# Freezing Cinnamon Rolls?



## Cattle&Cupcakes (Jan 13, 2009)

So yesterday I made Pioneer Woman's Cinnamon Rolls. They are TO DIE FOR. But the recipe makes 7 pans of them. I've already given most of them out, but I still have two pans left. Would you think they'd be safe to freeze in plastic wrap and foil??


----------



## Kim_NC (Sep 5, 2007)

I freeze baked goods all the time. I prefer to wrap in plastic wrap, then put in zip lock bags.

Also, I like to bake them only about 2/3 of the regular length of time....to the 'brown and serve' stage. When ready...thaw, pop in the oven for last few minutes of baking time.


----------



## Wisconsin Ann (Feb 27, 2007)

My mom used to make huge batches of breads and rolls a week or so before a holiday. She'd pop a dozen partially baked rolls in a plastic bag and freeze them, then reheat/bake for a meal.

She also did a lot of unbaked loaves in the freezer.

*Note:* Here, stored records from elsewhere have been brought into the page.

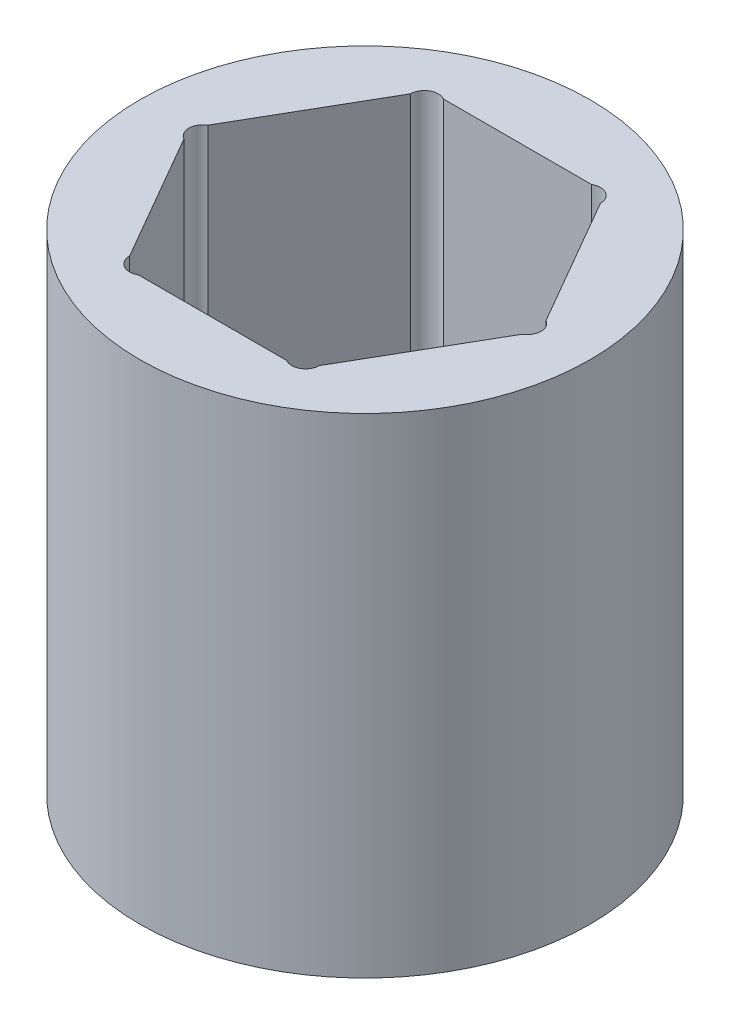
ISO-10303-21;
HEADER;
FILE_DESCRIPTION(('STEP AP214'),'2;1');
FILE_NAME('part.step','',(''),(''),'','','');
FILE_SCHEMA(('AUTOMOTIVE_DESIGN { 1 0 10303 214 1 1 1 1 }'));
ENDSEC;
DATA;
#1=APPLICATION_CONTEXT('core data for automotive mechanical design processes');
#2=APPLICATION_PROTOCOL_DEFINITION('international standard','automotive_design',2000,#1);
#3=PRODUCT_CONTEXT('',#1,'mechanical');
#4=PRODUCT('Part','Part','',(#3));
#5=PRODUCT_RELATED_PRODUCT_CATEGORY('part','',(#4));
#6=PRODUCT_DEFINITION_FORMATION('','',#4);
#7=PRODUCT_DEFINITION_CONTEXT('part definition',#1,'design');
#8=PRODUCT_DEFINITION('design','',#6,#7);
#9=PRODUCT_DEFINITION_SHAPE('','',#8);
#10=(LENGTH_UNIT() NAMED_UNIT(*) SI_UNIT(.MILLI.,.METRE.));
#11=(NAMED_UNIT(*) PLANE_ANGLE_UNIT() SI_UNIT($,.RADIAN.));
#12=(NAMED_UNIT(*) SI_UNIT($,.STERADIAN.) SOLID_ANGLE_UNIT());
#13=UNCERTAINTY_MEASURE_WITH_UNIT(LENGTH_MEASURE(1.E-05),#10,'distance_accuracy_value','');
#14=(GEOMETRIC_REPRESENTATION_CONTEXT(3) GLOBAL_UNCERTAINTY_ASSIGNED_CONTEXT((#13)) GLOBAL_UNIT_ASSIGNED_CONTEXT((#10,
#11,#12)) REPRESENTATION_CONTEXT('',''));
#15=CARTESIAN_POINT('',(0.,0.,0.));
#16=DIRECTION('',(0.,0.,1.));
#17=DIRECTION('',(1.,0.,0.));
#18=AXIS2_PLACEMENT_3D('',#15,#16,#17);
#19=CARTESIAN_POINT('',(-3.5128211777283,21.1836,-6.08438475772933));
#20=DIRECTION('',(0.,-1.,0.));
#21=DIRECTION('',(0.,0.,-1.));
#22=AXIS2_PLACEMENT_3D('',#19,#20,#21);
#23=CYLINDRICAL_SURFACE('',#22,0.600000000000001);
#24=CARTESIAN_POINT('',(-3.5128211777283,0.,-6.08438475772933));
#25=DIRECTION('',(0.,1.,0.));
#26=DIRECTION('',(0.,0.,1.));
#27=AXIS2_PLACEMENT_3D('',#24,#25,#26);
#28=CIRCLE('',#27,0.600000000000001);
#29=CARTESIAN_POINT('',(-3.2128211777283,0.,-6.604));
#30=VERTEX_POINT('',#29);
#31=CARTESIAN_POINT('',(-4.1128211777283,0.,-6.08438475772932));
#32=VERTEX_POINT('',#31);
#33=EDGE_CURVE('E157',#30,#32,#28,.T.);
#34=ORIENTED_EDGE('',*,*,#33,.F.);
#35=DIRECTION('',(0.,-1.,0.));
#36=VECTOR('',#35,1.);
#37=CARTESIAN_POINT('',(-3.2128211777283,21.1836,-6.604));
#38=LINE('',#37,#36);
#39=CARTESIAN_POINT('',(-3.2128211777283,21.1836,-6.604));
#40=VERTEX_POINT('',#39);
#41=EDGE_CURVE('E11',#40,#30,#38,.T.);
#42=ORIENTED_EDGE('',*,*,#41,.F.);
#43=CARTESIAN_POINT('',(-3.5128211777283,21.1836,-6.08438475772933));
#44=DIRECTION('',(0.,1.,0.));
#45=DIRECTION('',(0.,0.,1.));
#46=AXIS2_PLACEMENT_3D('',#43,#44,#45);
#47=CIRCLE('',#46,0.600000000000001);
#48=CARTESIAN_POINT('',(-4.1128211777283,21.1836,-6.08438475772932));
#49=VERTEX_POINT('',#48);
#50=EDGE_CURVE('E192',#40,#49,#47,.T.);
#51=ORIENTED_EDGE('',*,*,#50,.T.);
#52=DIRECTION('',(0.,-1.,0.));
#53=VECTOR('',#52,1.);
#54=CARTESIAN_POINT('',(-4.1128211777283,21.1836,-6.08438475772932));
#55=LINE('',#54,#53);
#56=EDGE_CURVE('E52',#49,#32,#55,.T.);
#57=ORIENTED_EDGE('',*,*,#56,.T.);
#58=EDGE_LOOP('',(#34,#42,#51,#57));
#59=FACE_BOUND('',#58,.T.);
#60=ADVANCED_FACE('F36',(#59),#23,.F.);
#61=CARTESIAN_POINT('',(0.,21.1836,-6.604));
#62=DIRECTION('',(0.,0.,1.));
#63=DIRECTION('',(1.,0.,0.));
#64=AXIS2_PLACEMENT_3D('',#61,#62,#63);
#65=PLANE('',#64);
#66=DIRECTION('',(-1.,0.,0.));
#67=VECTOR('',#66,1.);
#68=CARTESIAN_POINT('',(0.,0.,-6.604));
#69=LINE('',#68,#67);
#70=CARTESIAN_POINT('',(3.21282117772828,0.,-6.604));
#71=VERTEX_POINT('',#70);
#72=EDGE_CURVE('E159',#71,#30,#69,.T.);
#73=ORIENTED_EDGE('',*,*,#72,.F.);
#74=DIRECTION('',(0.,-1.,0.));
#75=VECTOR('',#74,1.);
#76=CARTESIAN_POINT('',(3.21282117772828,21.1836,-6.604));
#77=LINE('',#76,#75);
#78=CARTESIAN_POINT('',(3.21282117772828,21.1836,-6.604));
#79=VERTEX_POINT('',#78);
#80=EDGE_CURVE('E44',#79,#71,#77,.T.);
#81=ORIENTED_EDGE('',*,*,#80,.F.);
#82=DIRECTION('',(-1.,0.,0.));
#83=VECTOR('',#82,1.);
#84=CARTESIAN_POINT('',(0.,21.1836,-6.604));
#85=LINE('',#84,#83);
#86=EDGE_CURVE('E230',#79,#40,#85,.T.);
#87=ORIENTED_EDGE('',*,*,#86,.T.);
#88=ORIENTED_EDGE('',*,*,#41,.T.);
#89=EDGE_LOOP('',(#73,#81,#87,#88));
#90=FACE_BOUND('',#89,.T.);
#91=ADVANCED_FACE('F217',(#90),#65,.T.);
#92=CARTESIAN_POINT('',(3.51282117772829,21.1836,-6.08438475772934));
#93=DIRECTION('',(0.,-1.,0.));
#94=DIRECTION('',(0.,0.,-1.));
#95=AXIS2_PLACEMENT_3D('',#92,#93,#94);
#96=CYLINDRICAL_SURFACE('',#95,0.600000000000001);
#97=CARTESIAN_POINT('',(3.51282117772829,0.,-6.08438475772934));
#98=DIRECTION('',(0.,1.,0.));
#99=DIRECTION('',(0.,0.,1.));
#100=AXIS2_PLACEMENT_3D('',#97,#98,#99);
#101=CIRCLE('',#100,0.600000000000001);
#102=CARTESIAN_POINT('',(4.11282117772829,0.,-6.08438475772934));
#103=VERTEX_POINT('',#102);
#104=EDGE_CURVE('E162',#103,#71,#101,.T.);
#105=ORIENTED_EDGE('',*,*,#104,.F.);
#106=DIRECTION('',(0.,-1.,0.));
#107=VECTOR('',#106,1.);
#108=CARTESIAN_POINT('',(4.11282117772829,21.1836,-6.08438475772934));
#109=LINE('',#108,#107);
#110=CARTESIAN_POINT('',(4.11282117772829,21.1836,-6.08438475772934));
#111=VERTEX_POINT('',#110);
#112=EDGE_CURVE('E206',#111,#103,#109,.T.);
#113=ORIENTED_EDGE('',*,*,#112,.F.);
#114=CARTESIAN_POINT('',(3.51282117772829,21.1836,-6.08438475772934));
#115=DIRECTION('',(0.,1.,0.));
#116=DIRECTION('',(0.,0.,1.));
#117=AXIS2_PLACEMENT_3D('',#114,#115,#116);
#118=CIRCLE('',#117,0.600000000000001);
#119=EDGE_CURVE('E213',#111,#79,#118,.T.);
#120=ORIENTED_EDGE('',*,*,#119,.T.);
#121=ORIENTED_EDGE('',*,*,#80,.T.);
#122=EDGE_LOOP('',(#105,#113,#120,#121));
#123=FACE_BOUND('',#122,.T.);
#124=ADVANCED_FACE('F211',(#123),#96,.F.);
#125=CARTESIAN_POINT('',(5.71923176659243,21.1836,-3.302));
#126=DIRECTION('',(-0.866025403784438,0.,0.5));
#127=DIRECTION('',(0.5,0.,0.866025403784438));
#128=AXIS2_PLACEMENT_3D('',#125,#126,#127);
#129=PLANE('',#128);
#130=DIRECTION('',(-0.5,0.,-0.866025403784438));
#131=VECTOR('',#130,1.);
#132=CARTESIAN_POINT('',(5.71923176659243,0.,-3.302));
#133=LINE('',#132,#131);
#134=CARTESIAN_POINT('',(7.32564235545658,0.,-0.519615242270668));
#135=VERTEX_POINT('',#134);
#136=EDGE_CURVE('E165',#135,#103,#133,.T.);
#137=ORIENTED_EDGE('',*,*,#136,.F.);
#138=DIRECTION('',(0.,-1.,0.));
#139=VECTOR('',#138,1.);
#140=CARTESIAN_POINT('',(7.32564235545658,21.1836,-0.519615242270668));
#141=LINE('',#140,#139);
#142=CARTESIAN_POINT('',(7.32564235545658,21.1836,-0.519615242270668));
#143=VERTEX_POINT('',#142);
#144=EDGE_CURVE('E204',#143,#135,#141,.T.);
#145=ORIENTED_EDGE('',*,*,#144,.F.);
#146=DIRECTION('',(-0.5,0.,-0.866025403784438));
#147=VECTOR('',#146,1.);
#148=CARTESIAN_POINT('',(5.71923176659243,21.1836,-3.302));
#149=LINE('',#148,#147);
#150=EDGE_CURVE('E227',#143,#111,#149,.T.);
#151=ORIENTED_EDGE('',*,*,#150,.T.);
#152=ORIENTED_EDGE('',*,*,#112,.T.);
#153=EDGE_LOOP('',(#137,#145,#151,#152));
#154=FACE_BOUND('',#153,.T.);
#155=ADVANCED_FACE('F224',(#154),#129,.T.);
#156=CARTESIAN_POINT('',(7.02564235545658,21.1836,0.));
#157=DIRECTION('',(0.,-1.,0.));
#158=DIRECTION('',(0.,0.,-1.));
#159=AXIS2_PLACEMENT_3D('',#156,#157,#158);
#160=CYLINDRICAL_SURFACE('',#159,0.6);
#161=CARTESIAN_POINT('',(7.02564235545658,0.,0.));
#162=DIRECTION('',(0.,1.,0.));
#163=DIRECTION('',(0.,0.,1.));
#164=AXIS2_PLACEMENT_3D('',#161,#162,#163);
#165=CIRCLE('',#164,0.6);
#166=CARTESIAN_POINT('',(7.32564235545658,0.,0.519615242270659));
#167=VERTEX_POINT('',#166);
#168=EDGE_CURVE('E168',#167,#135,#165,.T.);
#169=ORIENTED_EDGE('',*,*,#168,.F.);
#170=DIRECTION('',(0.,-1.,0.));
#171=VECTOR('',#170,1.);
#172=CARTESIAN_POINT('',(7.32564235545658,21.1836,0.519615242270659));
#173=LINE('',#172,#171);
#174=CARTESIAN_POINT('',(7.32564235545658,21.1836,0.519615242270659));
#175=VERTEX_POINT('',#174);
#176=EDGE_CURVE('E202',#175,#167,#173,.T.);
#177=ORIENTED_EDGE('',*,*,#176,.F.);
#178=CARTESIAN_POINT('',(7.02564235545658,21.1836,0.));
#179=DIRECTION('',(0.,1.,0.));
#180=DIRECTION('',(0.,0.,1.));
#181=AXIS2_PLACEMENT_3D('',#178,#179,#180);
#182=CIRCLE('',#181,0.6);
#183=EDGE_CURVE('E232',#175,#143,#182,.T.);
#184=ORIENTED_EDGE('',*,*,#183,.T.);
#185=ORIENTED_EDGE('',*,*,#144,.T.);
#186=EDGE_LOOP('',(#169,#177,#184,#185));
#187=FACE_BOUND('',#186,.T.);
#188=ADVANCED_FACE('F272',(#187),#160,.F.);
#189=CARTESIAN_POINT('',(5.71923176659244,21.1836,3.302));
#190=DIRECTION('',(-0.866025403784439,0.,-0.499999999999999));
#191=DIRECTION('',(-0.499999999999999,0.,0.866025403784439));
#192=AXIS2_PLACEMENT_3D('',#189,#190,#191);
#193=PLANE('',#192);
#194=DIRECTION('',(0.499999999999999,0.,-0.866025403784439));
#195=VECTOR('',#194,1.);
#196=CARTESIAN_POINT('',(5.71923176659244,0.,3.302));
#197=LINE('',#196,#195);
#198=CARTESIAN_POINT('',(4.11282117772829,0.,6.08438475772933));
#199=VERTEX_POINT('',#198);
#200=EDGE_CURVE('E171',#199,#167,#197,.T.);
#201=ORIENTED_EDGE('',*,*,#200,.F.);
#202=DIRECTION('',(0.,-1.,0.));
#203=VECTOR('',#202,1.);
#204=CARTESIAN_POINT('',(4.11282117772829,21.1836,6.08438475772933));
#205=LINE('',#204,#203);
#206=CARTESIAN_POINT('',(4.11282117772829,21.1836,6.08438475772933));
#207=VERTEX_POINT('',#206);
#208=EDGE_CURVE('E200',#207,#199,#205,.T.);
#209=ORIENTED_EDGE('',*,*,#208,.F.);
#210=DIRECTION('',(0.499999999999999,0.,-0.866025403784439));
#211=VECTOR('',#210,1.);
#212=CARTESIAN_POINT('',(5.71923176659244,21.1836,3.302));
#213=LINE('',#212,#211);
#214=EDGE_CURVE('E238',#207,#175,#213,.T.);
#215=ORIENTED_EDGE('',*,*,#214,.T.);
#216=ORIENTED_EDGE('',*,*,#176,.T.);
#217=EDGE_LOOP('',(#201,#209,#215,#216));
#218=FACE_BOUND('',#217,.T.);
#219=ADVANCED_FACE('F275',(#218),#193,.T.);
#220=CARTESIAN_POINT('',(3.51282117772829,21.1836,6.08438475772933));
#221=DIRECTION('',(0.,-1.,0.));
#222=DIRECTION('',(0.,0.,-1.));
#223=AXIS2_PLACEMENT_3D('',#220,#221,#222);
#224=CYLINDRICAL_SURFACE('',#223,0.600000000000001);
#225=CARTESIAN_POINT('',(3.51282117772829,0.,6.08438475772933));
#226=DIRECTION('',(0.,1.,0.));
#227=DIRECTION('',(0.,0.,1.));
#228=AXIS2_PLACEMENT_3D('',#225,#226,#227);
#229=CIRCLE('',#228,0.600000000000001);
#230=CARTESIAN_POINT('',(3.21282117772829,0.,6.604));
#231=VERTEX_POINT('',#230);
#232=EDGE_CURVE('E174',#231,#199,#229,.T.);
#233=ORIENTED_EDGE('',*,*,#232,.F.);
#234=DIRECTION('',(0.,-1.,0.));
#235=VECTOR('',#234,1.);
#236=CARTESIAN_POINT('',(3.21282117772829,21.1836,6.604));
#237=LINE('',#236,#235);
#238=CARTESIAN_POINT('',(3.21282117772829,21.1836,6.604));
#239=VERTEX_POINT('',#238);
#240=EDGE_CURVE('E198',#239,#231,#237,.T.);
#241=ORIENTED_EDGE('',*,*,#240,.F.);
#242=CARTESIAN_POINT('',(3.51282117772829,21.1836,6.08438475772933));
#243=DIRECTION('',(0.,1.,0.));
#244=DIRECTION('',(0.,0.,1.));
#245=AXIS2_PLACEMENT_3D('',#242,#243,#244);
#246=CIRCLE('',#245,0.600000000000001);
#247=EDGE_CURVE('E241',#239,#207,#246,.T.);
#248=ORIENTED_EDGE('',*,*,#247,.T.);
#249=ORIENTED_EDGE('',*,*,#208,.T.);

Take them out, thaw, rise, and bake.

With completely baked breads you have to be double sure no frost gets in or they go soggy (and taste pretty bad). A double bag or a vacuum seal type thing works nicely. I used a ziplock with the air sucked out manually before I got a vacuum sealer. Take out a roll, pop it in the microwave for 30 seconds..and POOF! you've got a fresh baked goodie


----------



## Cattle&Cupcakes (Jan 13, 2009)

Awesome. Thank you!!!


----------



## littlekari (Jul 10, 2008)

I like to freeze them right after I roll them up and cut them. I put them on a pan lined with wax paper and freeze them. I take them out and wrap them or put them in a freezer bag and put them back in the freezer. When I need them I take out what I need put them in a greased pan and let them set at room temp over night--usually before I go to bed. The next morning I pop them right into the hot oven and we have fresh rolls!

If they are froze individually they don't stick together and you can make 1 or 24.


----------